Варвара Малахиева-Мирович - Маятник жизни моей… 1930–1954 Страница 25

Тут можно читать бесплатно Варвара Малахиева-Мирович - Маятник жизни моей… 1930–1954. Жанр: Документальные книги / Прочая документальная литература, год -. Так же Вы можете читать полную версию (весь текст) онлайн без регистрации и SMS на сайте Knigogid (Книгогид) или прочесть краткое содержание, предисловие (аннотацию), описание и ознакомиться с отзывами (комментариями) о произведении.
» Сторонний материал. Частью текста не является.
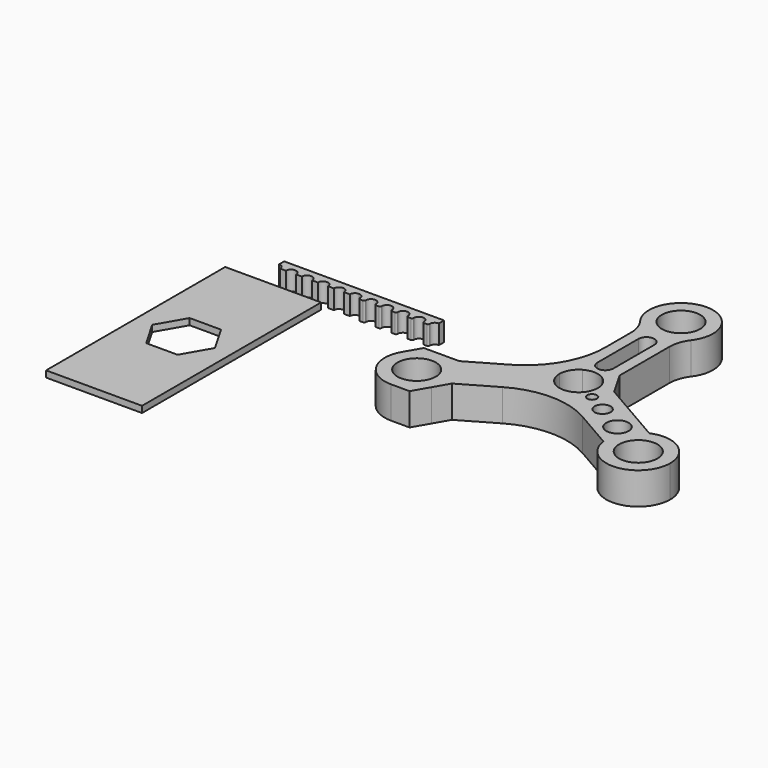
from build123d import *

# Parameters (mm, degrees)
F1_DEPTH = 6
F2_R     = 2.5
F2_R_2   = 3.5
F2_R_3   = 1.5
F3_DEPTH = 10
F4_R     = 25
F5_SIZE  = 5
F2_W     = 30
F2_H     = 70
F6_DEPTH = 2


# Not quite as in the source:
# - a feature names something its author has since deleted; it is built from what else it names


with BuildPart() as f1:
    # F0 (on Top) → F1 (new body)
    with BuildSketch(Plane.XY):
        with BuildLine():
            Line((-39.7648132003, 6.8852591163), (-37.9548132003, 6.8852591163))
            ThreePointArc((-37.9548132003, 6.8852591163), (-37.4891129824, 8.0095588984), (-36.3648132003, 8.4752591163))
            Line((-36.3648132003, 8.4752591163), (-36.3648132003, 10.4752591163))
            Line((-36.3648132003, 10.4752591163), (-61.3648132003, 10.4752591163))
            Line((-61.3648132003, 10.4752591163), (-61.3648132003, 8.4852591163))
            ThreePointArc((-61.3648132003, 8.4852591163), (-60.2334423504, 8.0166299662), (-59.7648132003, 6.8852591163))
            Line((-59.7648132003, 6.8852591163), (-57.9648132003, 6.8852591163))
            ThreePointArc((-57.9648132003, 6.8852591163), (-56.3648132003, 8.4852591163), (-54.7648132003, 6.8852591163))
            Line((-54.7648132003, 6.8852591163), (-52.9648132003, 6.8852591163))
            ThreePointArc((-52.9648132003, 6.8852591163), (-51.3648132003, 8.4852591163), (-49.7648132003, 6.8852591163))
            Line((-49.7648132003, 6.8852591163), (-47.9648132003, 6.8852591163))
            ThreePointArc((-47.9648132003, 6.8852591163), (-46.3648132003, 8.4852591163), (-44.7648132003, 6.8852591163))
            Line((-44.7648132003, 6.8852591163), (-42.9648132003, 6.8852591163))
            ThreePointArc((-42.9648132003, 6.8852591163), (-41.3648132003, 8.4852591163), (-39.7648132003, 6.8852591163))
        make_face()
        with BuildLine():
            Line((-36.3648132003, 10.4752591163), (-36.3648132003, 8.4752591163))
            ThreePointArc((-36.3648132003, 8.4752591163), (-35.2405134182, 8.0095588984), (-34.7748132003, 6.8852591163))
            Line((-34.7748132003, 6.8852591163), (-34.7748132003, 6.8152591163))
            ThreePointArc((-34.7748132003, 6.8152591163), (-34.6283665909, 6.4617057257), (-34.2748132003, 6.3152591163))
            Line((-34.2748132003, 6.3152591163), (-33.9548132003, 6.3152591163))
            Line((-33.9548132003, 6.3152591163), (-33.4548132003, 6.3152591163))
            ThreePointArc((-33.4548132003, 6.3152591163), (-33.1012598097, 6.4617057257), (-32.9548132003, 6.8152591163))
            Line((-32.9548132003, 6.8152591163), (-32.9548132003, 6.8852591163))
            ThreePointArc((-32.9548132003, 6.8852591163), (-31.3648132003, 8.4752591163), (-29.7748132003, 6.8852591163))
            Line((-29.7748132003, 6.8852591163), (-29.7748132003, 6.8152591163))
            ThreePointArc((-29.7748132003, 6.8152591163), (-29.6283665909, 6.4617057257), (-29.2748132003, 6.3152591163))
            Line((-29.2748132003, 6.3152591163), (-28.9548132003, 6.3152591163))
            Line((-28.9548132003, 6.3152591163), (-28.4548132003, 6.3152591163))
            ThreePointArc((-28.4548132003, 6.3152591163), (-28.1012598097, 6.4617057257), (-27.9548132003, 6.8152591163))
            Line((-27.9548132003, 6.8152591163), (-27.9548132003, 6.8852591163))
            ThreePointArc((-27.9548132003, 6.8852591163), (-26.3648132003, 8.4752591163), (-24.7748132003, 6.8852591163))
            Line((-24.7748132003, 6.8852591163), (-24.7748132003, 6.8152591163))
            ThreePointArc((-24.7748132003, 6.8152591163), (-24.6283665909, 6.4617057257), (-24.2748132003, 6.3152591163))
            Line((-24.2748132003, 6.3152591163), (-23.9548132003, 6.3152591163))
            Line((-23.9548132003, 6.3152591163), (-23.4548132003, 6.3152591163))
            ThreePointArc((-23.4548132003, 6.3152591163), (-23.1012598097, 6.4617057257), (-22.9548132003, 6.8152591163))
            Line((-22.9548132003, 6.8152591163), (-22.9548132003, 6.8852591163))
            ThreePointArc((-22.9548132003, 6.8852591163), (-21.3648132003, 8.4752591163), (-19.7748132003, 6.8852591163))
            Line((-19.7748132003, 6.8852591163), (-19.7748132003, 6.8152591163))
            ThreePointArc((-19.7748132003, 6.8152591163), (-19.6283665909, 6.4617057257), (-19.2748132003, 6.3152591163))
            Line((-19.2748132003, 6.3152591163), (-18.9548132003, 6.3152591163))
            Line((-18.9548132003, 6.3152591163), (-18.4548132003, 6.3152591163))
            ThreePointArc((-18.4548132003, 6.3152591163), (-18.1012598097, 6.4617057257), (-17.9548132003, 6.8152591163))
            Line((-17.9548132003, 6.8152591163), (-17.9548132003, 6.8852591163))
            ThreePointArc((-17.9548132003, 6.8852591163), (-16.3648132003, 8.4752591163), (-14.7748132003, 6.8852591163))
            Line((-14.7748132003, 6.8852591163), (-14.7748132003, 6.8152591163))
            ThreePointArc((-14.7748132003, 6.8152591163), (-14.6283665909, 6.4617057257), (-14.2748132003, 6.3152591163))
            Line((-14.2748132003, 6.3152591163), (-13.9548132003, 6.3152591163))
            Line((-13.9548132003, 6.3152591163), (-13.4548132003, 6.3152591163))
            ThreePointArc((-13.4548132003, 6.3152591163), (-13.1012598097, 6.4617057257), (-12.9548132003, 6.8152591163))
            Line((-12.9548132003, 6.8152591163), (-12.9548132003, 6.8852591163))
            ThreePointArc((-12.9548132003, 6.8852591163), (-12.4891129824, 8.0095588984), (-11.3648132003, 8.4752591163))
            Line((-11.3648132003, 8.4752591163), (-11.3648132003, 10.4752591163))
            Line((-11.3648132003, 10.4752591163), (-36.3648132003, 10.4752591163))
        make_face()
    extrude(amount=F1_DEPTH)


with BuildPart() as f3:
    # F2 (on Top) → F3 (new body)
    with BuildSketch(Plane.XY):
        with BuildLine():
            ThreePointArc((36.0828736126, 5.1961524227), (39.0828736126, 6), (42.0828736126, 5.1961524227))
            Line((42.0828736126, 5.1961524227), (45.0828736126, 3.4641016151))
            Line((45.0828736126, 3.4641016151), (45.0828736126, 28))
            ThreePointArc((45.0828736126, 28), (45.5960406321, 31.1622776602), (47.0828736126, 34))
            ThreePointArc((47.0828736126, 34), (39.0828736126, 50), (31.0828736126, 34))
            ThreePointArc((31.0828736126, 34), (32.5697065931, 31.1622776602), (33.0828736126, 28))
            Line((33.0828736126, 28), (33.0828736126, 3.4641016151))
            Line((33.0828736126, 3.4641016151), (36.0828736126, 5.1961524227))
        make_face()
        with BuildLine():
            Line((41.5828736126, 26.5050698072), (41.5828736126, 10.4311462492))
            ThreePointArc((41.5828736126, 10.4311462492), (39.0828736126, 7.9311462492), (36.5828736126, 10.4311462492))
            Line((36.5828736126, 10.4311462492), (36.5828736126, 26.5050698072))
            ThreePointArc((36.5828736126, 26.5050698072), (39.0828736126, 29.0050698072), (41.5828736126, 26.5050698072))
        make_face(mode=Mode.SUBTRACT)
        with BuildLine():
            ThreePointArc((45.0828736126, 40), (39.0828736126, 34), (33.0828736126, 40))
            ThreePointArc((33.0828736126, 40), (39.0828736126, 46), (45.0828736126, 40))
        make_face(mode=Mode.SUBTRACT)
        with BuildLine():
            ThreePointArc((36.0828736126, -5.1961524227), (33.8867211899, -3), (33.0828736126, 0))
            Line((33.0828736126, 0), (33.0828736126, 3.4641016151))
            Line((33.0828736126, 3.4641016151), (9.762365537, -10))
            Line((9.762365537, -10), (10.2153601532, -10))
            Line((10.2153601532, -10), (13.1021114244, -14.9999998707))
            Line((13.1021114244, -14.9999998707), (15.9888628451, -20))
            Line((15.9888628451, -20), (15.762365537, -20.3923048454))
            Line((15.762365537, -20.3923048454), (39.0828736126, -6.9282032303))
            Line((39.0828736126, -6.9282032303), (36.0828736126, -5.1961524227))
        make_face()
        with BuildLine():
            Line((7.4418574613, -25.1961524227), (14.3700606915, -21.1961524227))
            ThreePointArc((14.3700606915, -21.1961524227), (14.4238921312, -20.5991526088), (14.4418574613, -20))
            ThreePointArc((14.4418574613, -20), (14.1011157048, -17.4118094768), (13.1021114244, -14.9999998707))
            ThreePointArc((13.1021114244, -14.9999998707), (11.0765569379, -12.5179706727), (8.3700606915, -10.8038475773))
            Line((8.3700606915, -10.8038475773), (1.4418574613, -14.8038475773))
            ThreePointArc((1.4418574613, -14.8038475773), (7.4418574613, -14.8038475773), (10.4418574613, -20))
            ThreePointArc((10.4418574613, -20), (9.638009884, -23), (7.4418574613, -25.1961524227))
        make_face()
        with BuildLine():
            ThreePointArc((13.1021114676, -25.0000000546), (13.9286904318, -23.1622776901), (14.3700606915, -21.1961524227))
            Line((14.3700606915, -21.1961524227), (7.4418574613, -25.1961524227))
            ThreePointArc((7.4418574613, -25.1961524227), (-0.7542949614, -23), (1.4418574613, -14.8038475773))
            Line((1.4418574613, -14.8038475773), (8.3700606915, -10.8038475773))
            ThreePointArc((8.3700606915, -10.8038475773), (6.446661164, -10.2030228073), (4.4418574613, -10))
            ThreePointArc((4.4418574613, -10), (-0.5581425291, -11.3397459566), (-4.2183965654, -14.9999999807))
            ThreePointArc((-4.2183965654, -14.9999999807), (-5.5581425387, -19.9999998376), (-4.2183967279, -24.9999997379))
            ThreePointArc((-4.2183967279, -24.9999997379), (-0.5581426698, -28.6602539622), (4.4418574613, -30))
            ThreePointArc((4.4418574613, -30), (9.441857434, -28.6602540536), (13.1021114676, -25.0000000546))
        make_face()
        with BuildLine():
            Line((45.0828736126, 3.4641016151), (45.0828736126, 0))
            ThreePointArc((45.0828736126, 0), (44.2790260353, -3), (42.0828736126, -5.1961524227))
            Line((42.0828736126, -5.1961524227), (39.0828736126, -6.9282032303))
            Line((39.0828736126, -6.9282032303), (63.7956865337, -21.1961524227))
            ThreePointArc((63.7956865337, -21.1961524227), (65.0636357262, -15), (69.7956865337, -10.8038475773))
            Line((69.7956865337, -10.8038475773), (45.0828736126, 3.4641016151))
        make_face()
        with Locations((52.9936231899, -8.0313750131)):
            Circle(F2_R, mode=Mode.SUBTRACT)
        with Locations((61.6538772277, -13.0313750131)):
            Circle(F2_R_2, mode=Mode.SUBTRACT)
        with Locations((46.9314453634, -4.5313750131)):
            Circle(F2_R_3, mode=Mode.SUBTRACT)
        with BuildLine():
            ThreePointArc((83.723889764, -20), (79.2337884789, -11.6548806988), (69.7956865337, -10.8038475773))
            Line((69.7956865337, -10.8038475773), (76.723889764, -14.8038475773))
            ThreePointArc((76.723889764, -14.8038475773), (78.9200421867, -17), (79.723889764, -20))
            ThreePointArc((79.723889764, -20), (76.723889764, -25.1961524227), (70.723889764, -25.1961524227))
            Line((70.723889764, -25.1961524227), (63.7956865337, -21.1961524227))
            ThreePointArc((63.7956865337, -21.1961524227), (74.3230423728, -29.9820346699), (83.723889764, -20))
        make_face()
        with BuildLine():
            Line((76.723889764, -14.8038475773), (69.7956865337, -10.8038475773))
            ThreePointArc((69.7956865337, -10.8038475773), (65.0636357262, -15), (63.7956865337, -21.1961524227))
            Line((63.7956865337, -21.1961524227), (70.723889764, -25.1961524227))
            ThreePointArc((70.723889764, -25.1961524227), (68.5277373413, -17), (76.723889764, -14.8038475773))
        make_face()
        with BuildLine():
            Line((39.0828736126, -6.9282032303), (42.0828736126, -5.1961524227))
            ThreePointArc((42.0828736126, -5.1961524227), (39.0828736126, -6), (36.0828736126, -5.1961524227))
            Line((36.0828736126, -5.1961524227), (39.0828736126, -6.9282032303))
        make_face()
        with BuildLine():
            Line((33.0828736126, 3.4641016151), (33.0828736126, 0))
            ThreePointArc((33.0828736126, 0), (33.8867211899, 3), (36.0828736126, 5.1961524227))
            Line((36.0828736126, 5.1961524227), (33.0828736126, 3.4641016151))
        make_face()
        with BuildLine():
            ThreePointArc((42.0828736126, 5.1961524227), (44.2790260353, 3), (45.0828736126, 0))
            Line((45.0828736126, 0), (45.0828736126, 3.4641016151))
            Line((45.0828736126, 3.4641016151), (42.0828736126, 5.1961524227))
        make_face()
        with BuildLine():
            Line((10.2153601532, -10), (9.762365537, -10))
            Line((9.762365537, -10), (8.3700606915, -10.8038475773))
            ThreePointArc((8.3700606915, -10.8038475773), (11.0765569379, -12.5179706727), (13.1021114244, -14.9999998707))
            Line((13.1021114244, -14.9999998707), (10.2153601532, -10))
        make_face()
        with BuildLine():
            Line((8.3700606915, -10.8038475773), (9.762365537, -10))
            Line((9.762365537, -10), (4.4418574613, -10))
            ThreePointArc((4.4418574613, -10), (6.446661164, -10.2030228073), (8.3700606915, -10.8038475773))
        make_face()
        with BuildLine():
            ThreePointArc((-4.2183965654, -14.9999999807), (-0.5581425291, -11.3397459566), (4.4418574613, -10))
            Line((4.4418574613, -10), (-1.3316452306, -10))
            Line((-1.3316452306, -10), (-4.2183965654, -14.9999999807))
        make_face()
        with BuildLine():
            Line((14.3700606915, -21.1961524227), (15.762365537, -20.3923048454))
            Line((15.762365537, -20.3923048454), (15.9888628451, -20))
            Line((15.9888628451, -20), (13.1021114244, -14.9999998707))
            ThreePointArc((13.1021114244, -14.9999998707), (14.1011157048, -17.4118094768), (14.4418574613, -20))
            ThreePointArc((14.4418574613, -20), (14.4238921312, -20.5991526088), (14.3700606915, -21.1961524227))
        make_face()
        with BuildLine():
            Line((13.1021114676, -25.0000000546), (15.762365537, -20.3923048454))
            Line((15.762365537, -20.3923048454), (14.3700606915, -21.1961524227))
            ThreePointArc((14.3700606915, -21.1961524227), (13.9286904318, -23.1622776901), (13.1021114676, -25.0000000546))
        make_face()
        with BuildLine():
            Line((10.2153601532, -30), (13.1021114676, -25.0000000546))
            ThreePointArc((13.1021114676, -25.0000000546), (9.441857434, -28.6602540536), (4.4418574613, -30))
            Line((4.4418574613, -30), (10.2153601532, -30))
        make_face()
    extrude(amount=F3_DEPTH)

    # F4
    f4_edges = [f3.edges().sort_by_distance(p)[0] for p in [
        (33.082874, 3.464102, 5),
        (39.082874, -6.928203, 5),
    ]]
    fillet(f4_edges, radius=F4_R)

    # F5
    f5_edges = [f3.edges().sort_by_distance(p)[0] for p in [
        (45.082874, 3.464102, 5),
    ]]
    chamfer(f5_edges, length=F5_SIZE)


with BuildPart() as f6:
    # F2 (on Top) → F6 (new body)
    with BuildSketch(Plane.XY):
        with Locations((-60.5567166209, -29.8474544287)):
            Rectangle(F2_W, F2_H)
        Polygon((-70.3716711971, -29.8474544287), (-65.464193909, -21.3474544287), (-55.6492393328, -21.3474544287), (-50.7417620447, -29.8474544287), (-55.6492393328, -38.3474544287), (-65.464193909, -38.3474544287), align=None, mode=Mode.SUBTRACT)
    extrude(amount=F6_DEPTH)


solid = Compound([f1.part, f3.part, f6.part])

Варвара Малахиева-Мирович - Маятник жизни моей… 1930–1954 читать онлайн бесплатно

Варвара Малахиева-Мирович - Маятник жизни моей… 1930–1954 - читать книгу онлайн бесплатно, автор Варвара Малахиева-Мирович

Легенда или быль? Чумные суслики в Крыму. Чума в Ростове, черная оспа в Москве, кукурузные кочаны вместо хлеба на Кубани, стопроцентная смертность детей на Урале.

19 февраля

На предложение помочь сестре и племяннице, попавшим в безысходно тяжелую нужду, профессор Миллер[174] веско и убедительно ответил:

– Не такое теперь время, чтобы помогать. (Живет со старорежимным комфортом, ни в чем себе не отказывая.)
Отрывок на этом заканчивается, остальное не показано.